Earlier in the week, the pathologist who conducted the post-mortem into his death said that Kamal was twice over the drink-drive limit, and had cocaine in his system.

His family confirmed to Dr Alan Bates that they knew he would occasionally drink, but did not know he took cocaine. However several witnesses who gave evidence said they didn’t notice anything different about Kamal that morning.

Dr Bates said this wasn’t unusual, as it was likely he had “built up a tolerance”, he told the court. He said it would be wrong to ignore the cocaine, which affects the heart.

Kamal, who was 56, had started his shift at 5.30am. He had cleaned the bottom of the pool. CCTV shown to the jury showed him then swimming two lengths just after 10am, before he sank to the bottom of the pool at the end of his final length.

Footage also showed gym members and staff frantically trying to revive Kamal after he was hauled out of the pool.

But Dr Michael Scallan, a retired anaesthetist who was in the club at the time, checked Kamal’s pupils during the resuscitation efforts before paramedics arrived. He found them “fixed and dilated”, which shows serious brain damage caused by a lack of oxygen for three to five minutes.

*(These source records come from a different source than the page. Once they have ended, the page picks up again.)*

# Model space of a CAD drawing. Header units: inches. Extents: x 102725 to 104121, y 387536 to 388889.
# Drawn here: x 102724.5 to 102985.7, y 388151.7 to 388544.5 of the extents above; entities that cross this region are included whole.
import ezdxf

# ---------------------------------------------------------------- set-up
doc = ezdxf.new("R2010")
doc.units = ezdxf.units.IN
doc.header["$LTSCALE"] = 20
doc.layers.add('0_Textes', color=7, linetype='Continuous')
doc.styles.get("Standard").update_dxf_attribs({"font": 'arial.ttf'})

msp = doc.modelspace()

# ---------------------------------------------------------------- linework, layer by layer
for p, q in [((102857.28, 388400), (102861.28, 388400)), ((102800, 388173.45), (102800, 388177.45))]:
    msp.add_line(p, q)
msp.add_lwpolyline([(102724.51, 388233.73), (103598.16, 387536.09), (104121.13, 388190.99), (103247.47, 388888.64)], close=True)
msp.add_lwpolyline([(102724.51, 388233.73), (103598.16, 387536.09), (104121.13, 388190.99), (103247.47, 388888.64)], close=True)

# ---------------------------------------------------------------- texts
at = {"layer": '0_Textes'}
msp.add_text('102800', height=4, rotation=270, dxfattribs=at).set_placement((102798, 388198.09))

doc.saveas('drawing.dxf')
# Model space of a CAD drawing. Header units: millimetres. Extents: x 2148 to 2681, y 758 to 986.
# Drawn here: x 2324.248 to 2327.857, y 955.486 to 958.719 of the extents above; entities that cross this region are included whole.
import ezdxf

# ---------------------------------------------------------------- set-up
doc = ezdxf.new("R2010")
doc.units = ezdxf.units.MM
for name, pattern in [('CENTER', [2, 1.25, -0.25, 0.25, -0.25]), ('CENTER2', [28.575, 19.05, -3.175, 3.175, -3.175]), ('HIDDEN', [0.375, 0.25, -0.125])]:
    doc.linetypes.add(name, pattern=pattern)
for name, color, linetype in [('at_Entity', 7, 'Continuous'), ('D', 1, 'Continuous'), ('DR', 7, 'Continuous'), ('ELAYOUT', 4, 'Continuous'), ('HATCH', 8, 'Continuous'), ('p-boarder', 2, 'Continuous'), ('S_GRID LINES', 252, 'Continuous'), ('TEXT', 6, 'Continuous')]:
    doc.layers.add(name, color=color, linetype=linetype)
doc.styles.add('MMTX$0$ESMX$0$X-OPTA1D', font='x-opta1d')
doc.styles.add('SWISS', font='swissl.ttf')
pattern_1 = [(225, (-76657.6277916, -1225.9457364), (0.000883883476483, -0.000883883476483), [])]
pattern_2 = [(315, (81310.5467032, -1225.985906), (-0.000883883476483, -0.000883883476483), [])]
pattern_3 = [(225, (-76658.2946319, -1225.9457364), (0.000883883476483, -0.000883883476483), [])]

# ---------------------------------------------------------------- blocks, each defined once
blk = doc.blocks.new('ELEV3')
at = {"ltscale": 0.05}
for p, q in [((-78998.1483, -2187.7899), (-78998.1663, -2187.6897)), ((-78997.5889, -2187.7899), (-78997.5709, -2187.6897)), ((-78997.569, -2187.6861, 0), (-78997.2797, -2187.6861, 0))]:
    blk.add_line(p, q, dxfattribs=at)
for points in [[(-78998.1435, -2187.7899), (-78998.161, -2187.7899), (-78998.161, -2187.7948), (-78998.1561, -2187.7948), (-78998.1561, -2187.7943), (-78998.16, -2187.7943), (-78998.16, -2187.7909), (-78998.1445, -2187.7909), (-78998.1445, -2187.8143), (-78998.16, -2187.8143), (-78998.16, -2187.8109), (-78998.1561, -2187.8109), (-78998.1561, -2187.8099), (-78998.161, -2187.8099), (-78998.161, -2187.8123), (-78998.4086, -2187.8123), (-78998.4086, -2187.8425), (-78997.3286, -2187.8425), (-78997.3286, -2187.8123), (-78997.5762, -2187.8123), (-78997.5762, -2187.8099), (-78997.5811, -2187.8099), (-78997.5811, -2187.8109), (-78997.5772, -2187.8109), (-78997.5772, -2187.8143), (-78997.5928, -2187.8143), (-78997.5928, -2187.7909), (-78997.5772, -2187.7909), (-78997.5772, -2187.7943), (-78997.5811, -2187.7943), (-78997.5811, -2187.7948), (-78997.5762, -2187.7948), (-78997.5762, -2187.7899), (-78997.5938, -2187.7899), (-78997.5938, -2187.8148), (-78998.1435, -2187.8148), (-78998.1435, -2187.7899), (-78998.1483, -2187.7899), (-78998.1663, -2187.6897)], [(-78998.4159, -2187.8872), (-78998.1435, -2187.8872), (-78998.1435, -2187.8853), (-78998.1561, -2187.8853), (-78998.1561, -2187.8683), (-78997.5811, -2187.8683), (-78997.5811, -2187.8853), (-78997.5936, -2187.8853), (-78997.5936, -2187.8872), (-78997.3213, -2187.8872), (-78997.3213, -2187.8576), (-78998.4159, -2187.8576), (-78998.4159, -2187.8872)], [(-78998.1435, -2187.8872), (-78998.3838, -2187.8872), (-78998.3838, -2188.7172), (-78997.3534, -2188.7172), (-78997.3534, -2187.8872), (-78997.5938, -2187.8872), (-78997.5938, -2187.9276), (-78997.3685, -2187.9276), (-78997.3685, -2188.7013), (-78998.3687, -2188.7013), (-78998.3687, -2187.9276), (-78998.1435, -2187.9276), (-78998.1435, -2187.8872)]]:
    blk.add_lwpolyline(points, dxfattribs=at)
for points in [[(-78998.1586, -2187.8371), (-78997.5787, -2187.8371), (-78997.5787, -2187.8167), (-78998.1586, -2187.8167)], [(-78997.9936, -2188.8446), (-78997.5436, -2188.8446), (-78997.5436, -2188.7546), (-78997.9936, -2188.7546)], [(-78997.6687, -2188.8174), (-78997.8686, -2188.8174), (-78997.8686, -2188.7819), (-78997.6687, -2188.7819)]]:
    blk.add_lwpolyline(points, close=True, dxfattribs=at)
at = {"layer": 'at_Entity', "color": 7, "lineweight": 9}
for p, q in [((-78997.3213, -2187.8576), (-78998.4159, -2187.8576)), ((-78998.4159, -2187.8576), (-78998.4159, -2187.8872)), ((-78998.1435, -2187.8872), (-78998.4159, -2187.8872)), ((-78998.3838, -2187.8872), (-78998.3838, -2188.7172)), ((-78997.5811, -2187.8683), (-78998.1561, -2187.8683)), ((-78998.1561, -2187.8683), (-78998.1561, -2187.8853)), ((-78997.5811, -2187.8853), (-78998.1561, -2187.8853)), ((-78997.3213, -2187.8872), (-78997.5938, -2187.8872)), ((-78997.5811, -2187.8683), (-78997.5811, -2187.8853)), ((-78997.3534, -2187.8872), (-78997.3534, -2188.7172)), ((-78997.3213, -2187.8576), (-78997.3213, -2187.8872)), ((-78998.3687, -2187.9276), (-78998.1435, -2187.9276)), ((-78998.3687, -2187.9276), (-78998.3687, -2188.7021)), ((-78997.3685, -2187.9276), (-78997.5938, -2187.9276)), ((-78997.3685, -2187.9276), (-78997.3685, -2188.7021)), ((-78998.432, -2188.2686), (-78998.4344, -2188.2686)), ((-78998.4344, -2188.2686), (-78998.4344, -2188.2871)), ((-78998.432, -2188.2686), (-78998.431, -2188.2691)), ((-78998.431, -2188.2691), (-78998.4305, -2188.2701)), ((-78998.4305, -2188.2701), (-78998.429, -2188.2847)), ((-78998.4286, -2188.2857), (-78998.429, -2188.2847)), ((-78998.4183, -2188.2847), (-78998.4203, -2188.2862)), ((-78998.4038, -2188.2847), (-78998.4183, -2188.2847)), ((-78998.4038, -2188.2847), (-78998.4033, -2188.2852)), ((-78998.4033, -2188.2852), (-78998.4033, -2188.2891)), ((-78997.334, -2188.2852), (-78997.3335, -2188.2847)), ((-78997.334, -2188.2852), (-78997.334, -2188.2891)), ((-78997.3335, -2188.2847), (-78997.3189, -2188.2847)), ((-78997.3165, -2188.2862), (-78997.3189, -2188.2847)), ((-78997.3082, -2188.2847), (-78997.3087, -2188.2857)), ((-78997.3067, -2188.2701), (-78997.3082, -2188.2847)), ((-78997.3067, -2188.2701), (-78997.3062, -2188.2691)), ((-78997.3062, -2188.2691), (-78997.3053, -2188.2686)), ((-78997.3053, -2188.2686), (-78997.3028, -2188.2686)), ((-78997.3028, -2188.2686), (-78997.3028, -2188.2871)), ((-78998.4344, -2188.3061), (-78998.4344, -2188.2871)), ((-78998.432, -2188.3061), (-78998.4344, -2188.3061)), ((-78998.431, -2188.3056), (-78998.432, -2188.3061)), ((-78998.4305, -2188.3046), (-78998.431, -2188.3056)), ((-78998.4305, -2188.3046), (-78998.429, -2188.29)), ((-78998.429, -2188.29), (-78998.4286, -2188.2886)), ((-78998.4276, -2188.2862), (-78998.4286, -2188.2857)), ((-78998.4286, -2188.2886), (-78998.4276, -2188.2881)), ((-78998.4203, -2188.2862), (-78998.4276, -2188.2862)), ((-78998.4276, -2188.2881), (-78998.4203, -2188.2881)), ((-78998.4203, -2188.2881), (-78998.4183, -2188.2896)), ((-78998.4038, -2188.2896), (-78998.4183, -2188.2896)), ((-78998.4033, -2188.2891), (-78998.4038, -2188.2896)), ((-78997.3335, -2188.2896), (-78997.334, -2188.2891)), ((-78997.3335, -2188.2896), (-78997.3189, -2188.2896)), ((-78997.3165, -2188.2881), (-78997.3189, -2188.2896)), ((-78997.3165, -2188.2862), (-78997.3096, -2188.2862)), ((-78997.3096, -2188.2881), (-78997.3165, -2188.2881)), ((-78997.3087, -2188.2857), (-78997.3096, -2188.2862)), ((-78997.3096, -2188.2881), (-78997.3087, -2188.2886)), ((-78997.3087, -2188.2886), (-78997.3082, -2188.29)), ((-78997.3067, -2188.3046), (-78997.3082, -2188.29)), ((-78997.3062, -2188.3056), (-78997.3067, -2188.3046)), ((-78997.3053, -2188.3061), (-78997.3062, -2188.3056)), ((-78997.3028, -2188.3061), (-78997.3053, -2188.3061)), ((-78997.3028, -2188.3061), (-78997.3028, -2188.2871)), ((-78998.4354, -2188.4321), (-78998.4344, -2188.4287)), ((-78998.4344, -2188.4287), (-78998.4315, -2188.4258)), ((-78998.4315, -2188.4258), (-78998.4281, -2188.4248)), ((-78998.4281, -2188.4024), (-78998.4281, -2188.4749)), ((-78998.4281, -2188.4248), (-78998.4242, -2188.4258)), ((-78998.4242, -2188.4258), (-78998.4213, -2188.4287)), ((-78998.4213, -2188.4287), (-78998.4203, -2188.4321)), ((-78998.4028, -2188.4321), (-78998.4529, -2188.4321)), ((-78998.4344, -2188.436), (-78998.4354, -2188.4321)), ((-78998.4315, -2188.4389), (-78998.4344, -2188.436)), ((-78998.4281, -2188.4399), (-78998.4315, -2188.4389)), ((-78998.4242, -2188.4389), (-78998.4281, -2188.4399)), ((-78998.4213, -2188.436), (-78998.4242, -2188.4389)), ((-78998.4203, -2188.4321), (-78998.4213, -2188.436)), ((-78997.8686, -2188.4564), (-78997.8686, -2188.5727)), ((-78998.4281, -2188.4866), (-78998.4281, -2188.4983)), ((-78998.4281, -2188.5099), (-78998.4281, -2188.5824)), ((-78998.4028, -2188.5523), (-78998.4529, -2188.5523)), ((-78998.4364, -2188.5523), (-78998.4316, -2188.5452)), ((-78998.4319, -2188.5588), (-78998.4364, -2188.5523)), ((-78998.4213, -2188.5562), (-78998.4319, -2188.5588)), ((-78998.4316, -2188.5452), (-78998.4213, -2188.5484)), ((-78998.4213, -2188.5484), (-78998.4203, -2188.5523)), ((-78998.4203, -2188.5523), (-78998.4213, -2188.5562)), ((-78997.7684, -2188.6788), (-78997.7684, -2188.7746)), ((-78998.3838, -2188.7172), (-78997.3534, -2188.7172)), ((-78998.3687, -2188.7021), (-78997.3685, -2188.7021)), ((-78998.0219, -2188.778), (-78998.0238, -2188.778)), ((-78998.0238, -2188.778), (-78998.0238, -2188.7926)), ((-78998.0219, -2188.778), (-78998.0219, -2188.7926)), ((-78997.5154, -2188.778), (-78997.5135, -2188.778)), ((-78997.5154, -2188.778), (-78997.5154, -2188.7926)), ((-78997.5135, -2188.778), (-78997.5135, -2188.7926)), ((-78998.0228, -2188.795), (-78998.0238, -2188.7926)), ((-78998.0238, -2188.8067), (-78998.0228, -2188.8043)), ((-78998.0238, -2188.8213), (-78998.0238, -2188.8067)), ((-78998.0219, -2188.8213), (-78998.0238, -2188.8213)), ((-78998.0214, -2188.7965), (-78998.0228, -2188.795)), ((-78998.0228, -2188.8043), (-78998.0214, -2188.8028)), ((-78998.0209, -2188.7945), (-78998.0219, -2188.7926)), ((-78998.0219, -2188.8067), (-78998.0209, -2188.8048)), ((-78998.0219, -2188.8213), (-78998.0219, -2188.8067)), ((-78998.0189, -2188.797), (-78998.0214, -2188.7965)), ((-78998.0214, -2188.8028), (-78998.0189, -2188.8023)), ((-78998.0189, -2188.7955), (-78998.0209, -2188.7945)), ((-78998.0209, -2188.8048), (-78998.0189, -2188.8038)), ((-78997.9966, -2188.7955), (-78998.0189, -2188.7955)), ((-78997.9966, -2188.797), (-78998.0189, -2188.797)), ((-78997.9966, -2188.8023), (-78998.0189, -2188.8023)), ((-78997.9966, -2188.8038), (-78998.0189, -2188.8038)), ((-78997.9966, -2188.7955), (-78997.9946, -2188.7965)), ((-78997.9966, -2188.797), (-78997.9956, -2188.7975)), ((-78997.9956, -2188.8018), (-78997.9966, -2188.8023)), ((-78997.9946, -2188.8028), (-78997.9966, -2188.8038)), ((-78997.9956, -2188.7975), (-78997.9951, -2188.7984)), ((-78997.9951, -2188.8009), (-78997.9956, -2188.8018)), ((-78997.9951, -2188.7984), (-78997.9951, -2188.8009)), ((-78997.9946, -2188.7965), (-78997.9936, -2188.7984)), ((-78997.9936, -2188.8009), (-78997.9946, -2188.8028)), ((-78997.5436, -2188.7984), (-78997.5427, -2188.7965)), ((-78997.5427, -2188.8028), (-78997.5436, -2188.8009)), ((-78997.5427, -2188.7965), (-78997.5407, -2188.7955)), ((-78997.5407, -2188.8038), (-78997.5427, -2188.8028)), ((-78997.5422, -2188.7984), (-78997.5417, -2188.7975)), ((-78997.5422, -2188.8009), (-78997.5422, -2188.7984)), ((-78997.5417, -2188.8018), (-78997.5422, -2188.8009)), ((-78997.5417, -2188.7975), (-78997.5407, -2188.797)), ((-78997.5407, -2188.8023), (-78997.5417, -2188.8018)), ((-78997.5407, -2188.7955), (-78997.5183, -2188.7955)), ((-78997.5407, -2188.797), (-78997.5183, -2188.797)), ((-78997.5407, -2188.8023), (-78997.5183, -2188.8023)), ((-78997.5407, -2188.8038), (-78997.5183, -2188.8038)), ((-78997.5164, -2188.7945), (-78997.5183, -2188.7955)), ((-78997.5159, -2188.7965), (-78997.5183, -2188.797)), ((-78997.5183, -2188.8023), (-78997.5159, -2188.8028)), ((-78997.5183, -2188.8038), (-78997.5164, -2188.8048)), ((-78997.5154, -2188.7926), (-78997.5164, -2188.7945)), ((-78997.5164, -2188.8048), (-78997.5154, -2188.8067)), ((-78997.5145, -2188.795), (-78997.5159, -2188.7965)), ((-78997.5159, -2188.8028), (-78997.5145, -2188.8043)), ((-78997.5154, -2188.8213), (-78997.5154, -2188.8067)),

This was confirmed by the pathologist, who said Mr Al-Hirsi would have survived if he had been noticed as soon as he submerged, and had been revived.

Gazmend Turjaka, a member at the club, spoke on Monday of his regret at not intervening earlier, as he initially thought Kamal was “fooling around”.

“This will live with me forever. If I could go back and do things differently, I would,” he said.

Senior coroner Mary Hassell, who has presided over the inquest, will issue a prevention of future deaths notice in the next few days.

Fadhl Al-Hirsi, Kamal’s brother, said: “He was very popular, and he would do anything for anyone.

“We didn’t know about the drugs, and we were so shocked when we heard that in court.

“He was bubbly. All his nieces and nephews loved him so much. It’s so sad – he was so young.”

A spokesperson for the Bannatyne Group expressed their thoughts and sympathies with Kamal’s friends and family.

They went on to say: “The inquest jury considered all the facts surrounding his sad death and concluded it was due to cardiac arrhythmia with alcohol and cocaine consumption possibly a factor.

“While not all the evidence heard during the inquest was relevant to Kamal’s death, we will thoroughly review the narrative verdict alongside the comments made by the coroner about our policies and procedures.”